Exercise prompt: Below are some records; output exactly the lines from the line with "#173=LINE('',#172,#171);" to the line with "#180=DIRECTION('',(0.,-1.,0.));", both ends kept, and nothing more.

[Collection entries]

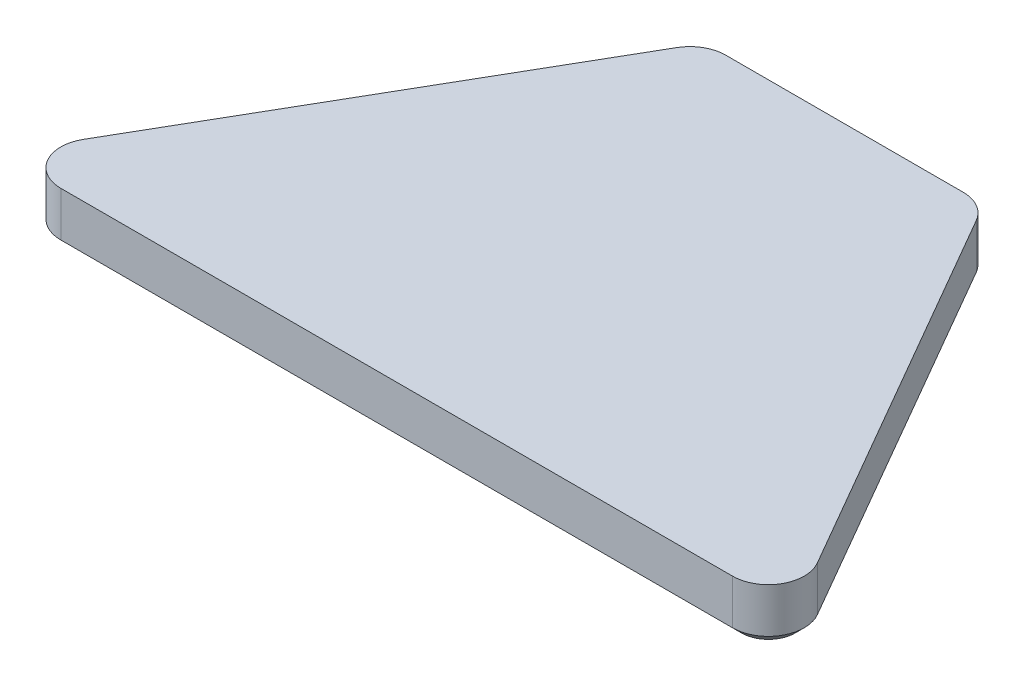
ISO-10303-21;
HEADER;
FILE_DESCRIPTION(('STEP AP214'),'2;1');
FILE_NAME('part.step','',(''),(''),'','','');
FILE_SCHEMA(('AUTOMOTIVE_DESIGN { 1 0 10303 214 1 1 1 1 }'));
ENDSEC;
DATA;
#1=APPLICATION_CONTEXT('core data for automotive mechanical design processes');
#2=APPLICATION_PROTOCOL_DEFINITION('international standard','automotive_design',2000,#1);
#3=PRODUCT_CONTEXT('',#1,'mechanical');
#4=PRODUCT('Part','Part','',(#3));
#5=PRODUCT_RELATED_PRODUCT_CATEGORY('part','',(#4));
#6=PRODUCT_DEFINITION_FORMATION('','',#4);
#7=PRODUCT_DEFINITION_CONTEXT('part definition',#1,'design');
#8=PRODUCT_DEFINITION('design','',#6,#7);
#9=PRODUCT_DEFINITION_SHAPE('','',#8);
#10=(LENGTH_UNIT() NAMED_UNIT(*) SI_UNIT(.MILLI.,.METRE.));
#11=(NAMED_UNIT(*) PLANE_ANGLE_UNIT() SI_UNIT($,.RADIAN.));
#12=(NAMED_UNIT(*) SI_UNIT($,.STERADIAN.) SOLID_ANGLE_UNIT());
#13=UNCERTAINTY_MEASURE_WITH_UNIT(LENGTH_MEASURE(1.E-05),#10,'distance_accuracy_value','');
#14=(GEOMETRIC_REPRESENTATION_CONTEXT(3) GLOBAL_UNCERTAINTY_ASSIGNED_CONTEXT((#13)) GLOBAL_UNIT_ASSIGNED_CONTEXT((#10,
#11,#12)) REPRESENTATION_CONTEXT('',''));
#15=CARTESIAN_POINT('',(0.,0.,0.));
#16=DIRECTION('',(0.,0.,1.));
#17=DIRECTION('',(1.,0.,0.));
#18=AXIS2_PLACEMENT_3D('',#15,#16,#17);
#19=CARTESIAN_POINT('',(22.2168783648704,1.5,12.5));
#20=DIRECTION('',(0.,0.,-1.));
#21=DIRECTION('',(-1.,0.,0.));
#22=AXIS2_PLACEMENT_3D('',#19,#20,#21);
#23=PLANE('',#22);
#24=DIRECTION('',(0.,-1.,0.));
#25=VECTOR('',#24,1.);
#26=CARTESIAN_POINT('',(-18.7527767497326,1.5,12.5));
#27=LINE('',#26,#25);
#28=CARTESIAN_POINT('',(-18.7527767497326,1.5,12.5));
#29=VERTEX_POINT('',#28);
#30=CARTESIAN_POINT('',(-18.7527767497326,-1.00000000000001,12.5));
#31=VERTEX_POINT('',#30);
#32=EDGE_CURVE('E177',#29,#31,#27,.T.);
#33=ORIENTED_EDGE('',*,*,#32,.T.);
#34=DIRECTION('',(1.,0.,0.));
#35=VECTOR('',#34,1.);
#36=CARTESIAN_POINT('',(18.7527767497326,-1.00000000000001,12.5));
#37=LINE('',#36,#35);
#38=CARTESIAN_POINT('',(18.7527767497326,-1.00000000000001,12.5));
#39=VERTEX_POINT('',#38);
#40=EDGE_CURVE('E213',#31,#39,#37,.T.);
#41=ORIENTED_EDGE('',*,*,#40,.T.);
#42=DIRECTION('',(0.,-1.,0.));
#43=VECTOR('',#42,1.);
#44=CARTESIAN_POINT('',(18.7527767497326,1.5,12.5));
#45=LINE('',#44,#43);
#46=CARTESIAN_POINT('',(18.7527767497326,1.5,12.5));
#47=VERTEX_POINT('',#46);
#48=EDGE_CURVE('E181',#39,#47,#45,.F.);
#49=ORIENTED_EDGE('',*,*,#48,.T.);
#50=DIRECTION('',(1.,0.,0.));
#51=VECTOR('',#50,1.);
#52=CARTESIAN_POINT('',(-22.2168783648704,1.5,12.5));
#53=LINE('',#52,#51);
#54=EDGE_CURVE('E258',#29,#47,#53,.T.);
#55=ORIENTED_EDGE('',*,*,#54,.F.);
#56=EDGE_LOOP('',(#33,#41,#49,#55));
#57=FACE_BOUND('',#56,.T.);
#58=ADVANCED_FACE('F39',(#57),#23,.F.);
#59=CARTESIAN_POINT('',(7.7831216351296,1.5,-12.5));
#60=DIRECTION('',(-0.866025403784436,0.,0.500000000000004));
#61=DIRECTION('',(0.500000000000004,0.,0.866025403784437));
#62=AXIS2_PLACEMENT_3D('',#59,#60,#61);
#63=PLANE('',#62);
#64=DIRECTION('',(0.,-1.,0.));
#65=VECTOR('',#64,1.);
#66=CARTESIAN_POINT('',(20.4848275573015,1.5,9.49999999999999));
#67=LINE('',#66,#65);
#68=CARTESIAN_POINT('',(20.4848275573015,1.5,9.49999999999998));
#69=VERTEX_POINT('',#68);
#70=CARTESIAN_POINT('',(20.4848275573015,-1.00000000000001,9.49999999999999));
#71=VERTEX_POINT('',#70);
#72=EDGE_CURVE('E140',#69,#71,#67,.T.);
#73=ORIENTED_EDGE('',*,*,#72,.T.);
#74=DIRECTION('',(-0.500000000000004,0.,-0.866025403784437));
#75=VECTOR('',#74,1.);
#76=CARTESIAN_POINT('',(8.36047190431923,-1.00000000000001,-11.5));
#77=LINE('',#76,#75);
#78=CARTESIAN_POINT('',(8.36047190431923,-1.00000000000001,-11.5));
#79=VERTEX_POINT('',#78);
#80=EDGE_CURVE('E219',#71,#79,#77,.T.);
#81=ORIENTED_EDGE('',*,*,#80,.T.);
#82=DIRECTION('',(0.,-1.,0.));
#83=VECTOR('',#82,1.);
#84=CARTESIAN_POINT('',(8.36047190431923,1.5,-11.5));
#85=LINE('',#84,#83);
#86=CARTESIAN_POINT('',(8.36047190431923,1.5,-11.5));
#87=VERTEX_POINT('',#86);
#88=EDGE_CURVE('E174',#79,#87,#85,.F.);
#89=ORIENTED_EDGE('',*,*,#88,.T.);
#90=DIRECTION('',(-0.500000000000004,0.,-0.866025403784436));
#91=VECTOR('',#90,1.);
#92=CARTESIAN_POINT('',(7.7831216351296,1.5,-12.5));
#93=LINE('',#92,#91);
#94=EDGE_CURVE('E265',#69,#87,#93,.T.);
#95=ORIENTED_EDGE('',*,*,#94,.F.);
#96=EDGE_LOOP('',(#73,#81,#89,#95));
#97=FACE_BOUND('',#96,.T.);
#98=ADVANCED_FACE('F319',(#97),#63,.F.);
#99=CARTESIAN_POINT('',(-7.7831216351296,1.5,-12.5));
#100=DIRECTION('',(0.,0.,1.));
#101=DIRECTION('',(1.,0.,0.));
#102=AXIS2_PLACEMENT_3D('',#99,#100,#101);
#103=PLANE('',#102);
#104=DIRECTION('',(0.,-1.,0.));
#105=VECTOR('',#104,1.);
#106=CARTESIAN_POINT('',(6.62842109675035,1.5,-12.5));
#107=LINE('',#106,#105);
#108=CARTESIAN_POINT('',(6.62842109675035,1.5,-12.5));
#109=VERTEX_POINT('',#108);
#110=CARTESIAN_POINT('',(6.62842109675035,-1.00000000000001,-12.5));
#111=VERTEX_POINT('',#110);
#112=EDGE_CURVE('E153',#109,#111,#107,.T.);
#113=ORIENTED_EDGE('',*,*,#112,.T.);
#114=DIRECTION('',(-1.,0.,0.));
#115=VECTOR('',#114,1.);
#116=CARTESIAN_POINT('',(-6.62842109675035,-1.00000000000001,-12.5));
#117=LINE('',#116,#115);
#118=CARTESIAN_POINT('',(-6.62842109675035,-1.00000000000001,-12.5));
#119=VERTEX_POINT('',#118);
#120=EDGE_CURVE('E64',#111,#119,#117,.T.);
#121=ORIENTED_EDGE('',*,*,#120,.T.);
#122=DIRECTION('',(0.,-1.,0.));
#123=VECTOR('',#122,1.);
#124=CARTESIAN_POINT('',(-6.62842109675035,1.5,-12.5));
#125=LINE('',#124,#123);
#126=CARTESIAN_POINT('',(-6.62842109675035,1.5,-12.5));
#127=VERTEX_POINT('',#126);
#128=EDGE_CURVE('E157',#119,#127,#125,.F.);
#129=ORIENTED_EDGE('',*,*,#128,.T.);
#130=DIRECTION('',(-1.,0.,0.));
#131=VECTOR('',#130,1.);
#132=CARTESIAN_POINT('',(-7.7831216351296,1.5,-12.5));
#133=LINE('',#132,#131);
#134=EDGE_CURVE('E138',#109,#127,#133,.T.);
#135=ORIENTED_EDGE('',*,*,#134,.F.);
#136=EDGE_LOOP('',(#113,#121,#129,#135));
#137=FACE_BOUND('',#136,.T.);
#138=ADVANCED_FACE('F283',(#137),#103,.F.);
#139=CARTESIAN_POINT('',(-7.7831216351296,1.5,-12.5));
#140=DIRECTION('',(0.866025403784436,0.,0.500000000000004));
#141=DIRECTION('',(0.500000000000004,0.,-0.866025403784436));
#142=AXIS2_PLACEMENT_3D('',#139,#140,#141);
#143=PLANE('',#142);
#144=DIRECTION('',(0.,-1.,0.));
#145=VECTOR('',#144,1.);
#146=CARTESIAN_POINT('',(-8.36047190431923,1.5,-11.5));
#147=LINE('',#146,#145);
#148=CARTESIAN_POINT('',(-8.36047190431923,1.5,-11.5));
#149=VERTEX_POINT('',#148);
#150=CARTESIAN_POINT('',(-8.36047190431923,-1.00000000000001,-11.5));
#151=VERTEX_POINT('',#150);
#152=EDGE_CURVE('E145',#149,#151,#147,.T.);
#153=ORIENTED_EDGE('',*,*,#152,.T.);
#154=DIRECTION('',(-0.500000000000004,0.,0.866025403784436));
#155=VECTOR('',#154,1.);
#156=CARTESIAN_POINT('',(-20.4848275573015,-1.00000000000001,9.49999999999999));
#157=LINE('',#156,#155);
#158=CARTESIAN_POINT('',(-20.4848275573015,-1.00000000000001,9.49999999999999));
#159=VERTEX_POINT('',#158);
#160=EDGE_CURVE('E11',#151,#159,#157,.T.);
#161=ORIENTED_EDGE('',*,*,#160,.T.);
#162=DIRECTION('',(0.,-1.,0.));
#163=VECTOR('',#162,1.);
#164=CARTESIAN_POINT('',(-20.4848275573015,1.5,9.49999999999999));
#165=LINE('',#164,#163);
#166=CARTESIAN_POINT('',(-20.4848275573015,1.5,9.49999999999999));
#167=VERTEX_POINT('',#166);
#168=EDGE_CURVE('E148',#159,#167,#165,.F.);
#169=ORIENTED_EDGE('',*,*,#168,.T.);
#170=DIRECTION('',(-0.500000000000004,0.,0.866025403784436));
#171=VECTOR('',#170,1.);
#172=CARTESIAN_POINT('',(-7.7831216351296,1.5,-12.5));
#173=LINE('',#172,#171);
#174=EDGE_CURVE('E135',#149,#167,#173,.T.);
#175=ORIENTED_EDGE('',*,*,#174,.F.);
#176=EDGE_LOOP('',(#153,#161,#169,#175));
#177=FACE_BOUND('',#176,.T.);
#178=ADVANCED_FACE('F144',(#177),#143,.F.);
#179=CARTESIAN_POINT('',(0.,1.5,0.));
#180=DIRECTION('',(0.,-1.,0.));
#181=DIRECTION('',(0.,0.,-1.));
#182=AXIS2_PLACEMENT_3D('',#179,#180,#181);
#183=PLANE('',#182);
#184=ORIENTED_EDGE('',*,*,#134,.T.);
#185=CARTESIAN_POINT('',(-6.62842109675035,1.5,-10.5));
#186=DIRECTION('',(0.,-1.,0.));
#187=DIRECTION('',(0.,0.,-1.));
#188=AXIS2_PLACEMENT_3D('',#185,#186,#187);
#189=CIRCLE('',#188,2.);
#190=EDGE_CURVE('E132',#127,#149,#189,.F.);
#191=ORIENTED_EDGE('',*,*,#190,.T.);
#192=ORIENTED_EDGE('',*,*,#174,.T.);
#193=CARTESIAN_POINT('',(-18.7527767497326,1.5,10.5));
#194=DIRECTION('',(0.,-1.,0.));
#195=DIRECTION('',(0.,0.,-1.));
#196=AXIS2_PLACEMENT_3D('',#193,#194,#195);
#197=CIRCLE('',#196,2.);
#198=EDGE_CURVE('E163',#167,#29,#197,.F.);
#199=ORIENTED_EDGE('',*,*,#198,.T.);
#200=ORIENTED_EDGE('',*,*,#54,.T.);
#201=CARTESIAN_POINT('',(18.7527767497326,1.5,10.5));
#202=DIRECTION('',(0.,-1.,0.));
#203=DIRECTION('',(0.,0.,-1.));
#204=AXIS2_PLACEMENT_3D('',#201,#202,#203);
#205=CIRCLE('',#204,2.);
#206=EDGE_CURVE('E166',#47,#69,#205,.F.);
#207=ORIENTED_EDGE('',*,*,#206,.T.);
#208=ORIENTED_EDGE('',*,*,#94,.T.);
#209=CARTESIAN_POINT('',(6.62842109675035,1.5,-10.5));
#210=DIRECTION('',(0.,-1.,0.));
#211=DIRECTION('',(0.,0.,-1.));
#212=AXIS2_PLACEMENT_3D('',#209,#210,#211);
#213=CIRCLE('',#212,2.);
#214=EDGE_CURVE('E141',#87,#109,#213,.F.);
#215=ORIENTED_EDGE('',*,*,#214,.T.);
#216=EDGE_LOOP('',(#184,#191,#192,#199,#200,#207,#208,#215));
#217=FACE_BOUND('',#216,.T.);
#218=ADVANCED_FACE('F134',(#217),#183,.F.);
#219=CARTESIAN_POINT('',(0.,-1.5,0.));
#220=DIRECTION('',(0.,-1.,0.));
#221=DIRECTION('',(0.,0.,-1.));
#222=AXIS2_PLACEMENT_3D('',#219,#220,#221);
#223=PLANE('',#222);
#224=DIRECTION('',(-1.,0.,0.));
#225=VECTOR('',#224,1.);
#226=CARTESIAN_POINT('',(-18.7527767497326,-1.5,12.));
#227=LINE('',#226,#225);
#228=CARTESIAN_POINT('',(18.7527767497326,-1.5,12.));
#229=VERTEX_POINT('',#228);
#230=CARTESIAN_POINT('',(-18.7527767497326,-1.5,12.));
#231=VERTEX_POINT('',#230);
#232=EDGE_CURVE('E202',#229,#231,#227,.T.);
#233=ORIENTED_EDGE('',*,*,#232,.T.);
#234=CARTESIAN_POINT('',(-18.7527767497326,-1.5,10.5));
#235=DIRECTION('',(0.,-1.,0.));
#236=DIRECTION('',(0.,0.,-1.));
#237=AXIS2_PLACEMENT_3D('',#234,#235,#236);
#238=CIRCLE('',#237,1.5);
#239=CARTESIAN_POINT('',(-20.0518148554093,-1.5,9.75));
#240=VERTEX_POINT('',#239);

Solution to this task:
#173=LINE('',#172,#171);
#174=EDGE_CURVE('E135',#149,#167,#173,.T.);
#175=ORIENTED_EDGE('',*,*,#174,.F.);
#176=EDGE_LOOP('',(#153,#161,#169,#175));
#177=FACE_BOUND('',#176,.T.);
#178=ADVANCED_FACE('F144',(#177),#143,.F.);
#179=CARTESIAN_POINT('',(0.,1.5,0.));
#180=DIRECTION('',(0.,-1.,0.));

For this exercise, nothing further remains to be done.